URL: https://github.com/apache/cloudstack/issues/12899

   # RFC: Incremental NAS Backup Support for KVM Hypervisor
   
   | Field         | Value                                      |
   |---------------|--------------------------------------------|
   | **Author**    | James Peru, Xcobean Systems Limited        |
   | **Status**    | Draft                                      |
   | **Created**   | 2026-03-27                                 |
   | **Target**    | Apache CloudStack 4.23+                    |
   | **Component** | Backup & Recovery (NAS Backup Provider)    |
   
   ---
   
   ## Summary
   
   This RFC proposes adding incremental backup support to CloudStack's NAS 
backup provider for KVM hypervisors. By leveraging QEMU dirty bitmaps and 
libvirt's `backup-begin` API, CloudStack can track changed disk blocks between 
backups and export only the delta, reducing daily backup storage consumption by 
80--95% and shortening backup windows from hours to minutes for large VMs. The 
feature is opt-in at the zone level, backward-compatible with existing 
full-backup behavior, and gracefully degrades on older QEMU/libvirt versions.
   
   ---
   
   ## Motivation
   
   CloudStack's NAS backup provider currently performs a full disk copy every 
time a backup is taken. For a 500 GB VM with five daily backups retained, that 
amounts to 2.5 TB of storage consumed. At scale -- tens or hundreds of VMs -- 
this becomes a serious operational and financial burden.
   
   **Problems with the current approach:**
   
   1. **Storage waste.** Every backup is a full copy of the entire virtual 
disk, regardless of how little data actually changed since the last backup.
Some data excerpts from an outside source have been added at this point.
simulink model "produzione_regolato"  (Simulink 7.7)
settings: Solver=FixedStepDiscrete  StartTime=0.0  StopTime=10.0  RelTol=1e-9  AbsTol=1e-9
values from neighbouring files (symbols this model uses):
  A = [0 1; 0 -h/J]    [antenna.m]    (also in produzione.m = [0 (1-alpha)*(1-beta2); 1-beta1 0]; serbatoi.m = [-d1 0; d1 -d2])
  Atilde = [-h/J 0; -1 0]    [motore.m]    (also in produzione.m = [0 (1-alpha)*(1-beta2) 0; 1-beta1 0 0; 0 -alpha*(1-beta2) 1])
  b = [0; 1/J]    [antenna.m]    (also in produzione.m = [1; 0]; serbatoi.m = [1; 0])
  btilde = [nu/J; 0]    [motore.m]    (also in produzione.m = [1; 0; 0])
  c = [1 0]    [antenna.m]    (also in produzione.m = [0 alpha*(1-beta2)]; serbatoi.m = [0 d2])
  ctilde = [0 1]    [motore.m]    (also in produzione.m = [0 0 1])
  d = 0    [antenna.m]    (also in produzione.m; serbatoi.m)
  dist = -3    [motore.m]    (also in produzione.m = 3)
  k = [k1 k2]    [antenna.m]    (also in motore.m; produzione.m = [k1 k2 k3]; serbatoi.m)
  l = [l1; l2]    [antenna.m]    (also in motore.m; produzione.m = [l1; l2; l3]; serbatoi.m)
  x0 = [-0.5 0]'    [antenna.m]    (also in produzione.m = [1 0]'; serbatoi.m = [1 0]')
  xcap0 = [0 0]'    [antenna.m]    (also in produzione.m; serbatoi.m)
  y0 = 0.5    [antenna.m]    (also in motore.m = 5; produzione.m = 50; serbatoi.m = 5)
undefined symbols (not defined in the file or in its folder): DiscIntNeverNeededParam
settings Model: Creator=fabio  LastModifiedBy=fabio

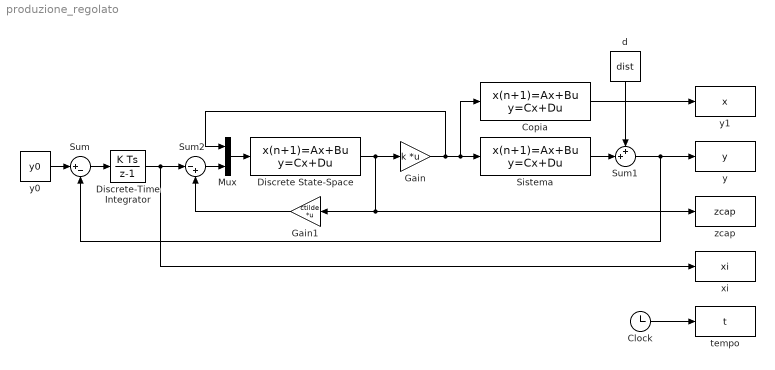
== system produzione_regolato ==
  Clock : Clock
  Copia : DiscreteStateSpace  A=A  B=b  C=[1 0; 0 1]  D=[0; 0]  X0=x0
  Discrete State-Space : DiscreteStateSpace  A=Atilde  B=[btilde l]  C=eye(3)  D=[0 0; 0 0; 0 0]  X0=[xcap0; 0]
  Discrete-Time Integrator : DiscreteIntegrator  ICPrevOutput=DiscIntNeverNeededParam  ICPrevScaledInput=DiscIntNeverNeededParam
  Gain : Gain  Gain=k  Multiplication=Matrix(K*u)
  Gain1 : Gain  Gain=ctilde  Multiplication=Matrix(K*u)
  Mux : Mux  Inputs=2
  Sistema : DiscreteStateSpace  A=A  B=b  C=c  D=d  X0=x0
  Sum : Sum  Inputs=|+-
  Sum1 : Sum  Inputs=++|
  Sum2 : Sum  Inputs=|-+
  d : Constant  Value=dist
  tempo : ToWorkspace  VariableName=t  SampleTime=-1  SaveFormat=Array
  xi : ToWorkspace  VariableName=xi  SampleTime=-1  SaveFormat=Array
  y : ToWorkspace  VariableName=y  SampleTime=-1  SaveFormat=Array
  y0 : Constant  Value=y0
  y1 : ToWorkspace  VariableName=x  SampleTime=-1  SaveFormat=Array
  zcap : ToWorkspace  VariableName=zcap  SampleTime=-1  SaveFormat=Array
  wires:
  y0/1 -> Sum/1
  Sum/1 -> Discrete-Time Integrator/1
  Discrete State-Space/1 -> zcap/1, Gain1/1, Gain/1
  Mux/1 -> Discrete State-Space/1
  Clock/1 -> tempo/1
  Gain1/1 -> Sum2/2
  Discrete-Time Integrator/1 -> Sum2/1, xi/1
  Sum2/1 -> Mux/2
  Sum1/1 -> y/1, Sum/2
  d/1 -> Sum1/1
  Sistema/1 -> Sum1/2
  Gain/1 -> Mux/1, Sistema/1, Copia/1
  Copia/1 -> y1/1

   2. **Long backup windows.** Copying hundreds of gigabytes over NFS or SMB 
takes hours, increasing the risk of I/O contention on production workloads.
   3. **Network bandwidth pressure.** Full-disk transfers saturate the storage 
network during backup windows, impacting other VMs on the same host.
   4. **Uncompetitive feature set.** VMware (Changed Block Tracking / VADP), 
Proxmox Backup Server, and Veeam all support incremental backups natively. 
CloudStack's lack of incremental backup is a common complaint on the users@ 
mailing list and a blocker for adoption in environments with large VMs.
   
   **What incremental backup achieves:**
   
   - Only changed blocks are transferred and stored after the initial full 
backup.
   - A typical daily incremental for a 500 GB VM with moderate write activity 
is 5--15 GB, a reduction of 97--99% compared to a full copy.
   - Backup completes in minutes rather than hours.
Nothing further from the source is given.